Invented by engineering professor Kaoru Ishikawa, the seven basic tools of Six Sigma – sometimes referred to as the Ishikawa Tools – are simple but effective tools for solving quality control issues. They also provide a great place to start for those new to Six Sigma methodology.

Ishikawa designed the tools for use by those with basic training in statistics. They provide a straightforward way to address complex quality-related issues. For those earning a certificate in Six Sigma or who want to apply Six Sigma tools and techniques to their business challenges, the seven basic tools provide the perfect place to start.

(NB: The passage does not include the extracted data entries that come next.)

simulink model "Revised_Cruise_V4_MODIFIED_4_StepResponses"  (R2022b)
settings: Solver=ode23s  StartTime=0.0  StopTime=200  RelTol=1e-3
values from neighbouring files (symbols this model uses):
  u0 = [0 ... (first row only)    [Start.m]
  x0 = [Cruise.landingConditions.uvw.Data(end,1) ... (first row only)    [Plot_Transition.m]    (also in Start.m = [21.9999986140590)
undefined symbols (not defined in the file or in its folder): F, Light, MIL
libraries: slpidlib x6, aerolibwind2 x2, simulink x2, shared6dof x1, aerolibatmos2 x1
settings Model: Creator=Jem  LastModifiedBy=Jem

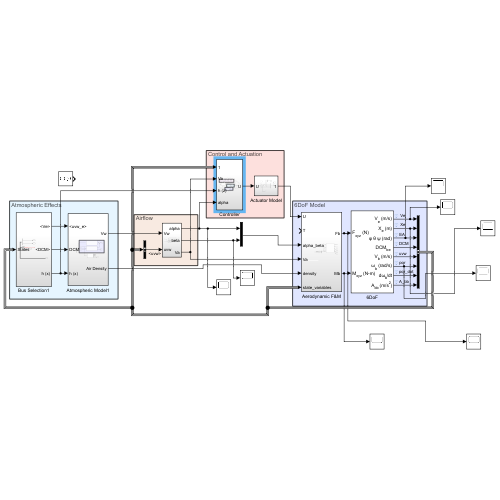
[thumbnail: Simulink's stored preview of the top-level diagram]
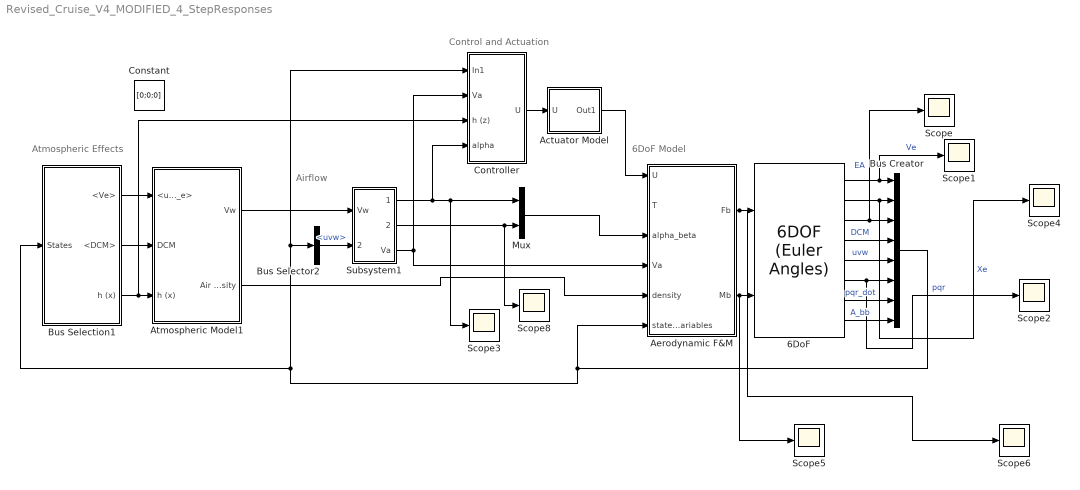
== system Revised_Cruise_V4_MODIFIED_4_StepResponses ==
  note: Control and Actuation
  note: 6DoF Model
  note: Airflow
  note: Atmospheric Effects
  6DoF : shared6dof/6DOF (Euler Angles)  units=Metric (MKS)  mtype=Fixed  rep=Euler Angles  xme_0=[0 0 -500]  Vm_0=x0(1:3)  eul_0=x0(7:9)  pm_0=x0(4:6)  mass_0=150  mass_e=0.5  mass_f=2.0  inertia=I  inertia_e=eye(3)  inertia_f=2*eye(3)  k_quat=1.0  vre_flag=on  abi_flag=off  aMode=0  xme_statename=''  Vm_statename=''  eul_statename=''  quat_statename=''  pm_statename=''  mass_statename=''
  Actuator Model : Subsystem
  Aerodynamic F&M : Subsystem
  Atmospheric Model1 : Subsystem
  Bus Creator : BusCreator  Inputs=8
  Bus Selector2 : BusSelector  OutputSignals=uvw
  Bus Selection1 : Subsystem
  Constant : Constant  Value=[0;0;0]
  Controller : Subsystem
  Mux : Mux  Inputs=2
  Scope{,1..6,8} (8 alike) : Scope
  Subsystem1 : Subsystem
  wires:
  Subsystem1/1(alpha) -> Controller/4(alpha), Scope3/1, Mux/1
  Subsystem1/2(beta) -> Scope8/1, Mux/2
  6DoF/3 -> Scope/1, Bus Creator/3  "EA"
  6DoF/5 -> Bus Creator/5  "uvw"
  6DoF/6 -> Scope2/1, Bus Creator/6  "pqr"
  6DoF/7 -> Bus Creator/7  "pqr_dot"
  6DoF/8 -> Bus Creator/8  "A_bb"
  6DoF/1 -> Scope1/1, Bus Creator/1  "Ve"
  Controller/1(U) -> Actuator Model/1(U)
  Actuator Model/1(Out1) -> Aerodynamic F&M/1(U)
  6DoF/4 -> Bus Creator/4  "DCM"
  6DoF/2 -> Scope4/1, Bus Creator/2  "Xe"
  Mux/1 -> Aerodynamic F&M/3(alpha_beta)
  Aerodynamic F&M/1(Fb) -> Scope6/1, 6DoF/1
  Aerodynamic F&M/2(Mb) -> Scope5/1, 6DoF/2
  Subsystem1/3(Va) -> Controller/2(Va), Aerodynamic F&M/4(Va)
  Bus Selector2/1 -> Subsystem1/2(uvw)  "<uvw>"
  Bus Selection1/3(h (x)) -> Atmospheric Model1/3(h (x)), Controller/3(h (z))
  Bus Selection1/1(<Ve>) -> Atmospheric Model1/1(<uvw_e>)
  Bus Selection1/2(<DCM>) -> Atmospheric Model1/2(DCM)
  Atmospheric Model1/2(Air Density) -> Aerodynamic F&M/5(density)
  Bus Creator/1 -> Aerodynamic F&M/6(state_variables), Bus Selection1/1(States), Bus Selector2/1, Controller/1(In1)
  Atmospheric Model1/1(Vw) -> Subsystem1/1(Vw)

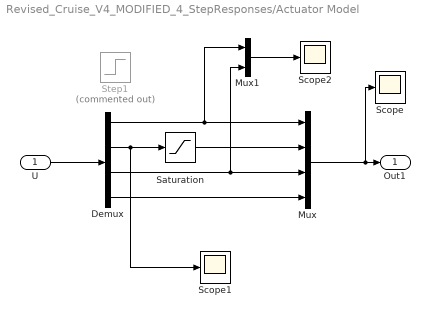
== system Revised_Cruise_V4_MODIFIED_4_StepResponses/Actuator Model ==
  U : Inport
  Demux : Demux
  Mux : Mux
  Mux1 : Mux  Inputs=2
  Saturation : Saturate  UpperLimit=0.56  LowerLimit=-0.56
  Scope : Scope
  Scope1 : Scope
  Scope2 : Scope
  Step1 : Step  Commented=on  Time=0.1  After=0.3629  SampleTime=0
  Out1 : Outport
  wires:
  Mux/1 -> Scope/1, Out1/1
  U/1 -> Demux/1
  Demux/2 -> Scope1/1, Saturation/1
  Demux/1 -> Mux1/1, Mux/1
  Saturation/1 -> Mux/2
  Demux/3 -> Mux1/2, Mux/3
  Demux/4 -> Mux/4
  Mux1/1 -> Scope2/1

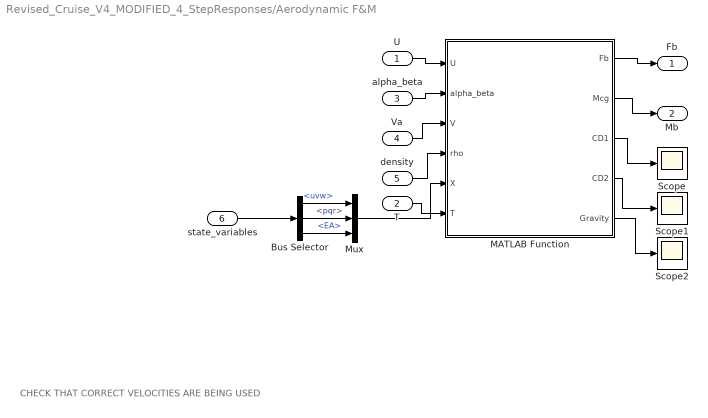
== system Revised_Cruise_V4_MODIFIED_4_StepResponses/Aerodynamic F&M ==
  note: CHECK THAT CORRECT VELOCITIES ARE BEING USED
  U : Inport
  T : Inport  Port=2
  alpha_beta : Inport  Port=3
  Va : Inport  Port=4
  density : Inport  Port=5
  state_variables : Inport  Port=6
  Bus Selector : BusSelector  OutputSignals=uvw,pqr,EA
  MATLAB Function : MATLAB Function  TreatAsAtomicUnit=on
  Mux : Mux  Inputs=3
  Scope : Scope
  Scope1 : Scope
  Scope2 : Scope
  Fb : Outport
  Mb : Outport  Port=2
  wires:
  U/1 -> MATLAB Function/1(U)
  alpha_beta/1 -> MATLAB Function/2(alpha_beta)
  Va/1 -> MATLAB Function/3(V)
  density/1 -> MATLAB Function/4(rho)
  Mux/1 -> MATLAB Function/5(X)
  state_variables/1 -> Bus Selector/1
  Bus Selector/3 -> Mux/3  "<EA>"
  MATLAB Function/1(Fb) -> Fb/1
  MATLAB Function/2(Mcg) -> Mb/1
  Bus Selector/1 -> Mux/1  "<uvw>"
  Bus Selector/2 -> Mux/2  "<pqr>"
  MATLAB Function/3(CD1) -> Scope/1
  MATLAB Function/4(CD2) -> Scope1/1
  MATLAB Function/5(Gravity) -> Scope2/1
  T/1 -> MATLAB Function/6(T)

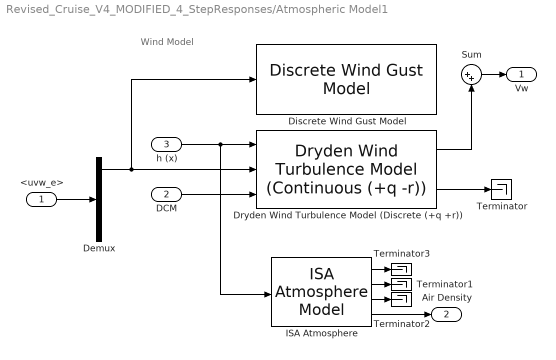
== system Revised_Cruise_V4_MODIFIED_4_StepResponses/Atmospheric Model1 ==
  note: Wind Model
  <uvw_e> : Inport
  DCM : Inport  Port=2
  h (x) : Inport  Port=3
  Demux : Demux  Outputs=3
  Discrete Wind Gust Model : aerolibwind2/Discrete Wind Gust Model  units=Metric (MKS)  Gx=on  Gy=on  Gz=on  t_0=40  d_m=[120 120 80]  v_m=[10 10 10]
  Dryden Wind Turbulence Model (Discrete (+q +r)) : aerolibwind2/Dryden Wind Turbulence Model  (Continuous (+q -r))  units=Metric (MKS)  spec=MIL-F-8785C  model=Continuous Dryden (+q -r)  W20=10  Wdeg=4  TurbProb=10^-2 - Light  L_high=533.4  Wingspan=7  ts=0.1  Seed=[23341 23342 23343 23344]  T_on=on
      settings: LibrarySourceBlock=|
      | aerolibwind2/Dryden Wind Turbulence Model
      | (Discrete (+q +r))
  ISA Atmosphere : aerolibatmos2/ISA Atmosphere Model  custom=off  g=9.80665  gamma=1.4  R=287.0531  L=0.0065  h_trop=11000  h_strat=20000  rho0=1.225  P0=101325  T0=288.15  h0=0
  Sum : Sum  Inputs=|++
  Terminator{,1..3} (4 alike) : Terminator
  Vw : Outport
  Air Density : Outport  Port=2
  wires:
  ISA Atmosphere/1 -> Terminator3/1
  ISA Atmosphere/2 -> Terminator1/1
  ISA Atmosphere/3 -> Terminator2/1
  ISA Atmosphere/4 -> Air Density/1
  Dryden Wind Turbulence Model (Discrete (+q +r))/1 -> Sum/2
  Demux/1 -> Discrete Wind Gust Model/1, Dryden Wind Turbulence Model (Discrete (+q +r))/2
  Dryden Wind Turbulence Model (Discrete (+q +r))/2 -> Terminator/1
  <uvw_e>/1 -> Demux/1
  DCM/1 -> Dryden Wind Turbulence Model (Discrete (+q +r))/3
  h (x)/1 -> ISA Atmosphere/1, Dryden Wind Turbulence Model (Discrete (+q +r))/1
  Sum/1 -> Vw/1

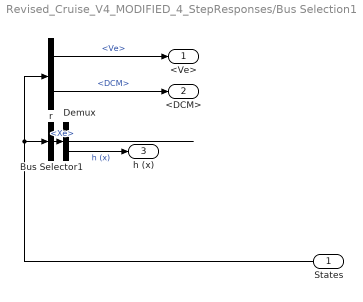
== system Revised_Cruise_V4_MODIFIED_4_StepResponses/Bus Selection1 ==
  States : Inport
  Bus Selector1 : BusSelector  OutputSignals=Xe
  Demux : Demux  Outputs=3
  r : BusSelector  OutputSignals=Ve,DCM
  <Ve> : Outport
  <DCM> : Outport  Port=2
  h (x) : Outport  Port=3
  wires:
  r/1 -> <Ve>/1  "<Ve>"
  Demux/3 -> h (x)/1  "h (x)"
  Bus Selector1/1 -> Demux/1  "<Xe>"
  States/1 -> r/1, Bus Selector1/1
  r/2 -> <DCM>/1  "<DCM>"
  Demux/2 -> ?

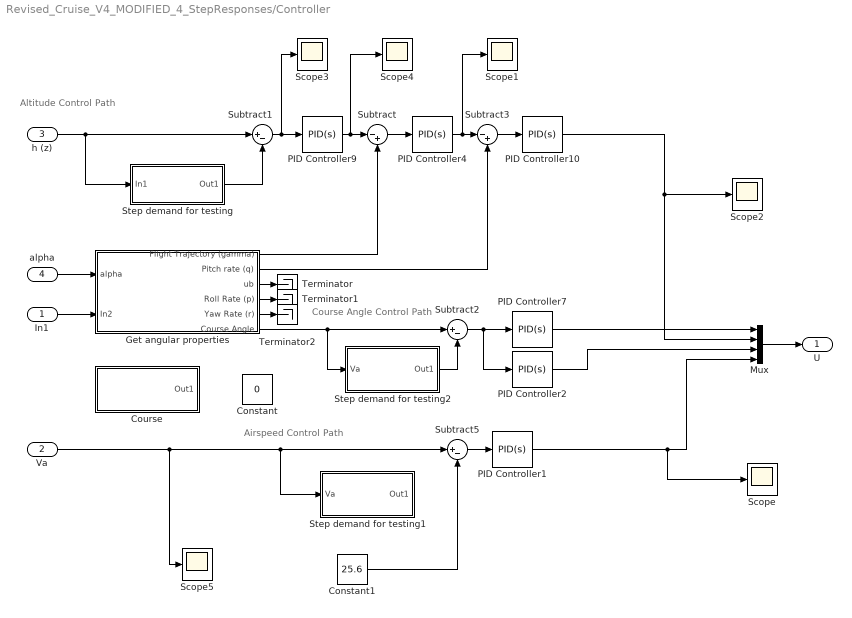
== system Revised_Cruise_V4_MODIFIED_4_StepResponses/Controller ==
  note: Altitude Control Path
  note: Airspeed Control Path
  note: Course Angle Control Path
  In1 : Inport
  Va : Inport  Port=2
  h (z) : Inport  Port=3
  alpha : Inport  Port=4
  Constant : Constant  Value=0
  Constant1 : Constant  Value=25.6
  Course : Subsystem
  Get angular properties : Subsystem
  Mux : Mux
  PID Controller1 : slpidlib/PID Controller  Controller=PID  Form=Parallel  TimeDomain=Continuous-time  UseExternalTs=off  SampleTime=-1  IntegratorMethod=Forward Euler  FilterMethod=Forward Euler  ControllerParametersSource=internal  P=-124.171962714531  I=-8.86566238209981  UseKiTs=off  D=35.5117343437496  N=0.73276571825447  UseFilter=on  TunerSelectOption=Transfer Function Based (PID Tuner App)  InitialConditionSource=internal  InitialConditionForIntegrator=0  InitialConditionForFilter=1  DifferentiatorICPrevScaledInput=0  ExternalReset=none  TrackingMode=off  Kt=1  LimitOutput=on  SatLimitsSource=internal  UpperSaturationLimit=300  LowerSaturationLimit=0  LinearizeAsGain=on  AntiWindupMode=clamping  Kb=1  LimitIntegrator=off  UpperIntegratorSaturationLimit=inf  LowerIntegratorSaturationLimit=-inf  POutMin=[]  POutMax=[]  IOutMin=[]  IOutMax=[]  DOutMin=[]  DOutMax=[]  NOutMin=[]  NOutMax=[]  SumOutMin=[]  SumOutMax=[]  SaturationOutMin=[]  SaturationOutMax=[]  PParamMin=[]  PParamMax=[]  IParamMin=[]  IParamMax=[]  DParamMin=[]  DParamMax=[]  NParamMin=[]  NParamMax=[]  KbParamMin=[]  KbParamMax=[]  KtParamMin=[]  KtParamMax=[]  KbOutMin=[]  KbOutMax=[]  KtOutMin=[]  KtOutMax=[]  IntegratorOutMin=[]  IntegratorOutMax=[]  FilterOutMin=[]  FilterOutMax=[]  SumI1OutMin=[]  SumI1OutMax=[]  SumI2OutMin=[]  SumI2OutMax=[]  SumI3OutMin=[]  SumI3OutMax=[]  SumI4OutMin=[]  SumI4OutMax=[]  SumDOutMin=[]  SumDOutMax=[]  DifferentiatorOutMin=[]  DifferentiatorOutMax=[]  FilterDiffOutCoefMin=[]  FilterDiffOutCoefMax=[]  ReciprocalOutMin=[]  ReciprocalOutMax=[]  SumDenOutMin=[]  SumDenOutMax=[]  SumNumOutMin=[]  SumNumOutMax=[]  DivideOutMin=[]  DivideOutMax=[]  UdiffTsProdOutMin=[]  UdiffTsProdOutMax=[]  NTsProdOutMin=[]  NTsProdOutMax=[]  UintegralTsProdOutMin=[]  UintegralTsProdOutMax=[]  UngainTsProdOutMin=[]  UngainTsProdOutMax=[]  ClampingZeroOutDataTypeStr=Inherit: Inherit via back propagation  ClampingZeroOutMin=[]  ClampingZeroOutMax=[]  FilterDenConstantOutDataTypeStr=Inherit: Inherit via back propagation  FilterDenConstantOutMin=[]  FilterDenConstantOutMax=[]  PCopyOutDataTypeStr=Inherit: Inherit via back propagation  PCopyOutMin=[]  PCopyOutMax=[]  NCopyOutDataTypeStr=Inherit: Inherit via back propagation  NCopyOutMin=[]  NCopyOutMax=[]  IntegratorContinuousStateAttributes=''  IntegratorStateMustResolveToSignalObject=off  IntegratorRTWStateStorageClass=Auto  FilterContinuousStateAttributes=''  FilterStateMustResolveToSignalObject=off  FilterRTWStateStorageClass=Auto  ParallelPVariant=InternalParameters  IdealPVariant=Disabled  IVariant=InternalParameters  DVariant=InternalParameters  IntegratorVariant=Continuous  SatVariant=Enabled  AWVariant=ContClampingParallel  PCopyVariant=Disabled  TRVariant=Disabled  FdbkBlocksVariant=Forward  IdealPFdbkVariant=Disabled  SatFdbkVariant=Disabled  DerivativeFilterVariant=ContFilter  NVariant=InternalParameters  NCopyVariant=Disabled  FilterICVariant=InternalICsFilter  IntegratorICVariant=InternalICs  ExternalResetVariant=Disabled  TRSumVariant=Passthrough  SumFdbkVariant=Disabled  SumVariant=Sum_PID  TsampFilterVariant=InternalTs  TsampNgainVariant=Passthrough  TsampIntegralVariant=Passthrough  ExternalSaturationOutDataTypeStr=Inherit: Same as second input
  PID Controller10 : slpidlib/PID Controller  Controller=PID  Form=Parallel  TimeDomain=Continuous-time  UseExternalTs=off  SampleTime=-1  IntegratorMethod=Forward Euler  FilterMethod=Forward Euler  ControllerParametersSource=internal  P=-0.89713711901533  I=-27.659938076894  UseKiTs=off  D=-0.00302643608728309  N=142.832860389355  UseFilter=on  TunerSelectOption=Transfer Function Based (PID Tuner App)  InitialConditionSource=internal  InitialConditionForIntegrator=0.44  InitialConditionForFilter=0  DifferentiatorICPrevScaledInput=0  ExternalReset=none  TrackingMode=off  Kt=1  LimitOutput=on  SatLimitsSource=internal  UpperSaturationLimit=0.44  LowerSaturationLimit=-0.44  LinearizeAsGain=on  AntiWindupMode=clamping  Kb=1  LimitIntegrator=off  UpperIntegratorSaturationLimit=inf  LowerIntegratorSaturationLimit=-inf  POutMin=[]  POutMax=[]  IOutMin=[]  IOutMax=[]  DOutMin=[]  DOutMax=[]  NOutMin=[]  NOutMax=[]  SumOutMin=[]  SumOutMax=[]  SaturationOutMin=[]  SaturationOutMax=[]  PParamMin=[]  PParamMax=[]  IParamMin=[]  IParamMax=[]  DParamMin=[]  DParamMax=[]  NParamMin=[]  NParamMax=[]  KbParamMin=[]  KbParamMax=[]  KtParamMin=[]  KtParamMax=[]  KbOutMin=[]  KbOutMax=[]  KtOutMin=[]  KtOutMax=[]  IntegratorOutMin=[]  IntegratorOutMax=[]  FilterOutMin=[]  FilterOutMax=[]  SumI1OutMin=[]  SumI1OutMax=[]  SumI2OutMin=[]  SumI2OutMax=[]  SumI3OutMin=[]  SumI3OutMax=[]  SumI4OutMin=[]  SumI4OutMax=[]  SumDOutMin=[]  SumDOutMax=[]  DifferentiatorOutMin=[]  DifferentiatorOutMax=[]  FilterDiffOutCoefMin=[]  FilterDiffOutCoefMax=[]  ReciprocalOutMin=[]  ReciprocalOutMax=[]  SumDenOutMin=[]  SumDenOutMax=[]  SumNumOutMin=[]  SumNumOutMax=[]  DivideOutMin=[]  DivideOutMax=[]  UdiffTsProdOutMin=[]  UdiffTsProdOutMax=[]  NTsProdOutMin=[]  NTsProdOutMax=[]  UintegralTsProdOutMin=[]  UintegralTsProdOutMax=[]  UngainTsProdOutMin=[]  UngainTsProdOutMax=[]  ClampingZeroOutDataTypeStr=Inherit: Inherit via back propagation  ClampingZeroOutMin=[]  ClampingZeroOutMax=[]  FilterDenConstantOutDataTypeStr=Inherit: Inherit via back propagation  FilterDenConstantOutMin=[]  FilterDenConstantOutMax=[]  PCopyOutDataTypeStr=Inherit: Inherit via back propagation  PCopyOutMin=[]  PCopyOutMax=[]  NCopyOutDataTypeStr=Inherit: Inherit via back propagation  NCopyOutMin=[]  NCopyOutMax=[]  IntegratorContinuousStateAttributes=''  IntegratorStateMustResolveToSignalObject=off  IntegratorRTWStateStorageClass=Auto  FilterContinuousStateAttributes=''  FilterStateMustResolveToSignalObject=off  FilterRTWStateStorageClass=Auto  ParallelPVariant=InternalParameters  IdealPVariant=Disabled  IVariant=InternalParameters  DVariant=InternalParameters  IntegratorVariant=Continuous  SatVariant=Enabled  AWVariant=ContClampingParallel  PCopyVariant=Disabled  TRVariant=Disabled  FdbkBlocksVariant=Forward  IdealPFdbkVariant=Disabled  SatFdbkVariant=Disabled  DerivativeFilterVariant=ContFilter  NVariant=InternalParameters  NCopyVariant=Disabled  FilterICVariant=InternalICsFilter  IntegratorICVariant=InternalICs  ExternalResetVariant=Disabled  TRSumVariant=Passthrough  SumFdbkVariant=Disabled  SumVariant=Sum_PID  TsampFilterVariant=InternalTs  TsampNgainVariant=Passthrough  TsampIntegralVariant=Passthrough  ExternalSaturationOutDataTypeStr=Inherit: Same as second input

History of the Seven Basic Tools

Experts consider Ishikawa one of the most important figures in the history of continuous process improvement and Six Sigma. He played a key role in transforming the Japanese manufacturing industry and creating a quality control approach that not only focuses on improvement from top to bottom in an organization, but also from the beginning to the end of the product life cycle.

In post-World War II Japan, industry went through a quality control revolution that provided the genesis of what companies still practice today. Ishikawa, who graduated from college with an engineering degree in applied chemistry, became an expert in organizational theory. He is perhaps best known for this creation of the cause and effect diagram, also known as the fishbone diagram.

Another early invention for Ishikawa are quality circles. These involve workers who do similar jobs and meet regularly to discuss work-related challenges and produce solutions. The fishbone diagram became an important tool for quality circles and also one of the seven basic tools.

The seven basic tools first emphasized by Ishikawa all focus on helping teams identify, analyze and solve work-related problems.

The Ishikawa Tools

The Ishikawa Tools, or seven basic tools, are as follows. Each remains an important tool for teams who want a systematic approach to making processes more efficient and effective. They also put the focus on quality, reducing errors, and meeting the needs of customers.

Cause and Effect Diagram

The cause and effect diagram (fishbone diagram) allows teams to list the causes, sub causes and sub cases of sub causes that lead to errors or waste in a process (the Five Whys are often used with a cause and effect diagram).

Check Sheet

A check sheet provides a method to collect and itemize process-related issues for future consideration. It’s essentially a list of all the potential problems causing operational errors. It’s typically in the form of a table with a list of issues on the left-hand column and boxes to the right that can be checked to document when and how often the problem occurs.

Control Chart

A control chart tracks how a process changes over time. By comparing current process data with past data, teams can determine if process variation is consistent (which signifies it is under control) or unpredictable (which signifies it is out of control). The latter means teams must identify the special causes leading to the process variation.

Histogram

The histogram is a frequently used graph that shows frequency distributions for a specific data set. For example, a restaurant or retail outlet might want a histogram of the number of people who enter the establishment at different times of the day in order to determine proper staffing levels.

Pareto Chart

Named after Italian economist Vilfredo Pareto, the Pareto Chart works on the 80-20 theory (80 percent of problems occur because of failure or mistakes in 20 percent of the factors involved in the process). But which factors belong in the 20 percent? The Pareto Chart helps teams identify  the most significant factors in a process that require the most attention.

Scatter Diagram

A scatter diagram uses what is known as scatter plots. These involve placing plot points on an X and Y axis for two different sets of data, providing a visual that quickly can show the relation between two sets of data. A simple example is a chart of the hurricanes within a given year (one data set) and the months of the year when they occur (a second data set). It’s easy to quickly see a relationship between the summer months and hurricanes.

Stratification

The process of stratification involves taking a data set and breaking it down into categories that provide more insight. For example, a pizza delivery business might have data showing that they were late on deliveries most frequently on certain dates of the month. However, by breaking down the data into categories of days of the week, they may find that the bulk of the late deliveries happened on Saturday afternoon when they had only one driver working. They learn Saturday afternoons are busier than they thought, and add a second driver to avoid frequent late deliveries.

Once people learn how to apply them correctly, these seven basic tools provide simple-but-powerful ways to analyze and make use of data. As Ishikawa intended, they give people more control over a process, allowing them to continually make improvements.